**EXERCISE GOAL**
Everything from the line containing "35), align=None, mode=Mode.SUBTRACT)" through the line containing "Line((-1.9641016151, 25), (1.5, 23))" should be repeated exactly, and nothing else from the data.

*-*-*

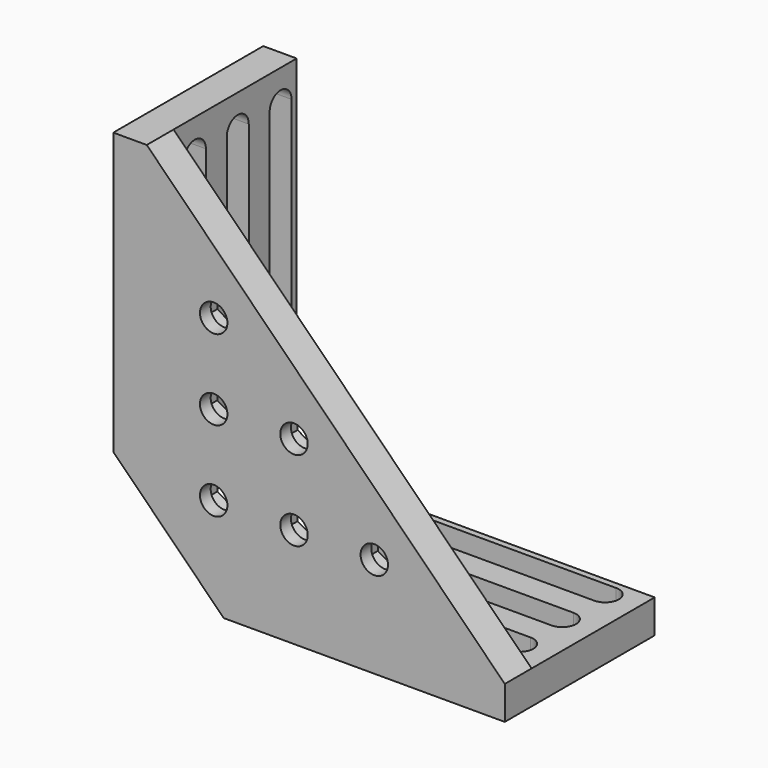
from build123d import *

# Parameters (mm, degrees)
F0_W      = 42
F0_H      = 23
F1_DEPTH  = 5
F3_ANGLE  = 90
F8_R      = 2.05
F9_DEPTH  = 5
F10_DEPTH = 3


# Not quite as in the source:
# - a feature names something its author has since deleted; it is built from what else it names


with BuildPart() as f1:
    # F0 (on Top) → F1 (new body)
    with BuildSketch(Plane.XY):
        Rectangle(F0_W, F0_H)
        with BuildLine():
            ThreePointArc((-16, -9.55), (-18.05, -7.5), (-16, -5.45))
            Line((-16, -5.45), (16, -5.45))
            ThreePointArc((16, -5.45), (18.05, -7.5), (16, -9.55))
            Line((16, -9.55), (-16, -9.55))
        make_face(mode=Mode.SUBTRACT)
        with BuildLine():
            Line((0, -1.55), (-16, -1.55))
            ThreePointArc((-16, -1.55), (-18.05, 0.5), (-16, 2.55))
            Line((-16, 2.55), (0, 2.55))
            Line((0, 2.55), (16, 2.55))
            ThreePointArc((16, 2.55), (18.05, 0.5), (16, -1.55))
            Line((16, -1.55), (0, -1.55))
        make_face(mode=Mode.SUBTRACT)
        with BuildLine():
            Line((16, 6.45), (-16, 6.45))
            ThreePointArc((-16, 6.45), (-18.05, 8.5), (-16, 10.55))
            Line((-16, 10.55), (16, 10.55))
            ThreePointArc((16, 10.55), (18.05, 8.5), (16, 6.45))
        make_face(mode=Mode.SUBTRACT)
    extrude(amount=F1_DEPTH)


with BuildPart() as f3_1:
    # F3: copy of F1
    add(f1.part.rotate(Axis((-21, 0, 2.5), (0, -1, 0)), F3_ANGLE))


with BuildPart() as f3_1_1:
    # F4: moved
    add(f3_1.part.moved(Location((0, 0, 14))))


with BuildPart() as f3_1_2:
    # F5: moved
    add(f3_1_1.part.moved(Location((-14, 0, 0))))


with BuildPart() as f1_1:
    add(f1.part)

    add(f3_1_2.part)  # F9 merges F3_1
    # F8 (on 3pt) → F9 (join)
    with BuildSketch(Plane.XZ.offset(11.5)):
        Polygon((-37.5, 16.5), (-21, 0), (21, 0), (21, 5), (14.4509618943, 11.5490381057), (13.5, 11), (10.0358983849, 13), (10.0358983849, 15.9641016151), (2.4509618943, 23.5490381057), (1.5, 23), (-1.9641016151, 25), (-1.9641016151, 27.9641016151), (-9.5490381057, 35.5490381057), (-10.5, 35), (-13.9641016151, 37), (-13.9641016151, 39.9641016151), (-21.5490381057, 47.5490381057), (-22.5, 47), (-25.9641016151, 49), (-25.9641016151, 51.9641016151), (-32.5, 58.5), (-37.5, 58.5), align=None)
        Polygon((-25.9641016151, 17), (-22.5, 19), (-19.0358983849, 17), (-19.0358983849, 13), (-22.5, 11), (-25.9641016151, 13), align=None, mode=Mode.SUBTRACT)
        Polygon((-13.9641016151, 13), (-13.9641016151, 17), (-10.5, 19), (-7.0358983849, 17), (-7.0358983849, 13), (-10.5, 11), align=None, mode=Mode.SUBTRACT)
        Polygon((-25.9641016151, 25), (-25.9641016151, 29), (-22.5, 31), (-19.0358983849, 29), (-19.0358983849, 25), (-22.5, 23), align=None, mode=Mode.SUBTRACT)
        Polygon((-13.9641016151, 25), (-13.9641016151, 29), (-10.5, 31), (-7.0358983849, 29), (-7.0358983849, 25), (-10.5, 23), align=None, mode=Mode.SUBTRACT)
        Polygon((-1.9641016151, 13), (-1.9641016151, 17), (1.5, 19), (4.9641016151, 17), (4.9641016151, 13), (1.5, 11), align=None, mode=Mode.SUBTRACT)
        Polygon((-25.9641016151, 37), (-25.9641016151, 41), (-22.5, 43), (-19.0358983849, 41), (-19.0358983849, 37), (-22.5, 35), align=None, mode=Mode.SUBTRACT)
        with BuildLine():
            Line((13.5, 11), (14.4509618943, 11.5490381057))
            Line((14.4509618943, 11.5490381057), (12.9839959128, 13.0160040872))
            ThreePointArc((12.9839959128, 13.0160040872), (12.0504310986, 13.5504310986), (11.5160040872, 14.4839959128))
            Line((11.5160040872, 14.4839959128), (10.0358983849, 15.9641016151))
            Line((10.0358983849, 15.9641016151), (10.0358983849, 13))
            Line((10.0358983849, 13), (13.5, 11))
        make_face()
        with BuildLine():
            Line((-24.4839959128, 50.4839959128), (-25.9641016151, 51.9641016151))
            Line((-25.9641016151, 51.9641016151), (-25.9641016151, 49))
            Line((-25.9641016151, 49), (-22.5, 47))
            Line((-22.5, 47), (-21.5490381057, 47.5490381057))
            Line((-21.5490381057, 47.5490381057), (-23.0160040872, 49.0160040872))
            ThreePointArc((-23.0160040872, 49.0160040872), (-23.9495689014, 49.5504310986), (-24.4839959128, 50.4839959128))
        make_face()
        with BuildLine():
            ThreePointArc((11.5160040872, 14.4839959128), (12.0504310986, 13.5504310986), (12.9839959128, 13.0160040872))
            Line((12.9839959128, 13.0160040872), (11.5160040872, 14.4839959128))
        make_face()
        with BuildLine():
            Line((-23.0160040872, 49.0160040872), (-24.4839959128, 50.4839959128))
            ThreePointArc((-24.4839959128, 50.4839959128), (-23.9495689014, 49.5504310986), (-23.0160040872, 49.0160040872))
        make_face()
        with BuildLine():
            Line((1.5, 23), (2.4509618943, 23.5490381057))
            Line((2.4509618943, 23.5490381057), (0.9839959128, 25.0160040872))
            ThreePointArc((0.9839959128, 25.0160040872), (0.0504310986, 25.5504310986), (-0.4839959128, 26.4839959128))
            Line((-0.4839959128, 26.4839959128), (-1.9641016151, 27.9641016151))
            Line((-1.9641016151, 27.9641016151), (-1.9641016151, 25))
            Line((-1.9641016151, 25), (1.5, 23))
        make_face()
        with BuildLine():
            Line((-12.4839959128, 38.4839959128), (-13.9641016151, 39.9641016151))
            Line((-13.9641016151, 39.9641016151), (-13.9641016151, 37))
            Line((-13.9641016151, 37), (-10.5, 35))
            Line((-10.5, 35), (-9.5490381057, 35.5490381057))
            Line((-9.5490381057, 35.5490381057), (-11.0160040872, 37.0160040872))
            ThreePointArc((-11.0160040872, 37.0160040872), (-11.9495689014, 37.5504310986), (-12.4839959128, 38.4839959128))
        make_face()
        with BuildLine():
            ThreePointArc((-0.4839959128, 26.4839959128), (0.0504310986, 25.5504310986), (0.9839959128, 25.0160040872))
            Line((0.9839959128, 25.0160040872), (-0.4839959128, 26.4839959128))
        make_face()
        with BuildLine():
            Line((-11.0160040872, 37.0160040872), (-12.4839959128, 38.4839959128))
            ThreePointArc((-12.4839959128, 38.4839959128), (-11.9495689014, 37.5504310986), (-11.0160040872, 37.0160040872))
        make_face()
        Polygon((-10.5, 31), (-13.9641016151, 29), (-13.9641016151, 25), (-10.5, 23), (-7.0358983849, 25), (-7.0358983849, 29), align=None)
        with Locations((-10.5, 27)):
            Circle(F8_R, mode=Mode.SUBTRACT)
        Polygon((-22.5, 31), (-25.9641016151, 29), (-25.9641016151, 25), (-22.5, 23), (-19.0358983849, 25), (-19.0358983849, 29), align=None)
        with Locations((-22.5, 27)):
            Circle(F8_R, mode=Mode.SUBTRACT)
        Polygon((-22.5, 43), (-25.9641016151, 41), (-25.9641016151, 37), (-22.5, 35), (-19.0358983849, 37), (-19.0358983849, 41), align=None)
        with Locations((-22.5, 39)):
            Circle(F8_R, mode=Mode.SUBTRACT)
        Polygon((-10.5, 19), (-13.9641016151, 17), (-13.9641016151, 13), (-10.5, 11), (-7.0358983849, 13), (-7.0358983849, 17), align=None)
        with Locations((-10.5, 15)):
            Circle(F8_R, mode=Mode.SUBTRACT)
        Polygon((1.5, 19), (-1.9641016151, 17), (-1.9641016151, 13), (1.5, 11), (4.9641016151, 13), (4.9641016151, 17), align=None)
        with Locations((1.5, 15)):
            Circle(F8_R, mode=Mode.SUBTRACT)
        Polygon((-19.0358983849, 17), (-22.5, 19), (-25.9641016151, 17), (-25.9641016151, 13), (-22.5, 11), (-19.0358983849, 13), align=None)
        with Locations((-22.5, 15)):
            Circle(F8_R, mode=Mode.SUBTRACT)
    extrude(amount=F9_DEPTH)

    # F8 (on 3pt) → F10 (cut)
    with BuildSketch(Plane.XZ.offset(11.5)):
        Polygon((-10.5, 31), (-13.9641016151, 29), (-13.9641016151, 25), (-10.5, 23), (-7.0358983849, 25), (-7.0358983849, 29), align=None)
        with Locations((-10.5, 27)):
            Circle(F8_R, mode=Mode.SUBTRACT)
        Polygon((-22.5, 31), (-25.9641016151, 29), (-25.9641016151, 25), (-22.5, 23), (-19.0358983849, 25), (-19.0358983849, 29), align=None)
        with Locations((-22.5, 27)):
            Circle(F8_R, mode=Mode.SUBTRACT)
        Polygon((-22.5, 43), (-25.9641016151, 41), (-25.9641016151, 37), (-22.5, 35), (-19.0358983849, 37), (-19.0358983849, 41), align=None)
        with Locations((-22.5, 39)):
            Circle(F8_R, mode=Mode.SUBTRACT)
        Polygon((-10.5, 19), (-13.9641016151, 17), (-13.9641016151, 13), (-10.5, 11), (-7.0358983849, 13), (-7.0358983849, 17), align=None)
        with Locations((-10.5, 15)):
            Circle(F8_R, mode=Mode.SUBTRACT)
        Polygon((1.5, 19), (-1.9641016151, 17), (-1.9641016151, 13), (1.5, 11), (4.9641016151, 13), (4.9641016151, 17), align=None)
        with Locations((1.5, 15)):
            Circle(F8_R, mode=Mode.SUBTRACT)
        with BuildLine():
            Line((0.9839959128, 25.0160040872), (2.4509618943, 23.5490381057))
            Line((2.4509618943, 23.5490381057), (4.9641016151, 25))
            Line((4.9641016151, 25), (4.9641016151, 29))
            Line((4.9641016151, 29), (1.5, 31))
            Line((1.5, 31), (-1.9641016151, 29))
            Line((-1.9641016151, 29), (-1.9641016151, 27.9641016151))
            Line((-1.9641016151, 27.9641016151), (-0.4839959128, 26.4839959128))
            ThreePointArc((-0.4839959128, 26.4839959128), (1.2398958105, 29.0334320275), (3.55, 27))
            ThreePointArc((3.55, 27), (2.7539321396, 25.3782249881), (0.9839959128, 25.0160040872))
        make_face()
        with BuildLine():
            Line((12.9839959128, 13.0160040872), (14.4509618943, 11.5490381057))
            Line((14.4509618943, 11.5490381057), (16.9641016151, 13))
            Line((16.9641016151, 13), (16.9641016151, 17))
            Line((16.9641016151, 17), (13.5, 19))
            Line((13.5, 19), (10.0358983849, 17))
            Line((10.0358983849, 17), (10.0358983849, 15.9641016151))
            Line((10.0358983849, 15.9641016151), (11.5160040872, 14.4839959128))
            ThreePointArc((11.5160040872, 14.4839959128), (13.2398958105, 17.0334320275), (15.55, 15))
            ThreePointArc((15.55, 15), (14.7539321396, 13.3782249881), (12.9839959128, 13.0160040872))
        make_face()
        Polygon((-19.0358983849, 17), (-22.5, 19), (-25.9641016151, 17), (-25.9641016151, 13), (-22.5, 11), (-19.0358983849, 13), align=None)
        with Locations((-22.5, 15)):
            Circle(F8_R, mode=Mode.SUBTRACT)
    extrude(amount=F10_DEPTH, mode=Mode.SUBTRACT)


solid = f1_1.part

*-*-*

**ANSWER**
        Polygon((-25.9641016151, 37), (-25.9641016151, 41), (-22.5, 43), (-19.0358983849, 41), (-19.0358983849, 37), (-22.5, 35), align=None, mode=Mode.SUBTRACT)
        with BuildLine():
            Line((13.5, 11), (14.4509618943, 11.5490381057))
            Line((14.4509618943, 11.5490381057), (12.9839959128, 13.0160040872))
            ThreePointArc((12.9839959128, 13.0160040872), (12.0504310986, 13.5504310986), (11.5160040872, 14.4839959128))
            Line((11.5160040872, 14.4839959128), (10.0358983849, 15.9641016151))
            Line((10.0358983849, 15.9641016151), (10.0358983849, 13))
            Line((10.0358983849, 13), (13.5, 11))
        make_face()
        with BuildLine():
            Line((-24.4839959128, 50.4839959128), (-25.9641016151, 51.9641016151))
            Line((-25.9641016151, 51.9641016151), (-25.9641016151, 49))
            Line((-25.9641016151, 49), (-22.5, 47))
            Line((-22.5, 47), (-21.5490381057, 47.5490381057))
            Line((-21.5490381057, 47.5490381057), (-23.0160040872, 49.0160040872))
            ThreePointArc((-23.0160040872, 49.0160040872), (-23.9495689014, 49.5504310986), (-24.4839959128, 50.4839959128))
        make_face()
        with BuildLine():
            ThreePointArc((11.5160040872, 14.4839959128), (12.0504310986, 13.5504310986), (12.9839959128, 13.0160040872))
            Line((12.9839959128, 13.0160040872), (11.5160040872, 14.4839959128))
        make_face()
        with BuildLine():
            Line((-23.0160040872, 49.0160040872), (-24.4839959128, 50.4839959128))
            ThreePointArc((-24.4839959128, 50.4839959128), (-23.9495689014, 49.5504310986), (-23.0160040872, 49.0160040872))
        make_face()
        with BuildLine():
            Line((1.5, 23), (2.4509618943, 23.5490381057))
            Line((2.4509618943, 23.5490381057), (0.9839959128, 25.0160040872))
            ThreePointArc((0.9839959128, 25.0160040872), (0.0504310986, 25.5504310986), (-0.4839959128, 26.4839959128))
            Line((-0.4839959128, 26.4839959128), (-1.9641016151, 27.9641016151))
            Line((-1.9641016151, 27.9641016151), (-1.9641016151, 25))
            Line((-1.9641016151, 25), (1.5, 23))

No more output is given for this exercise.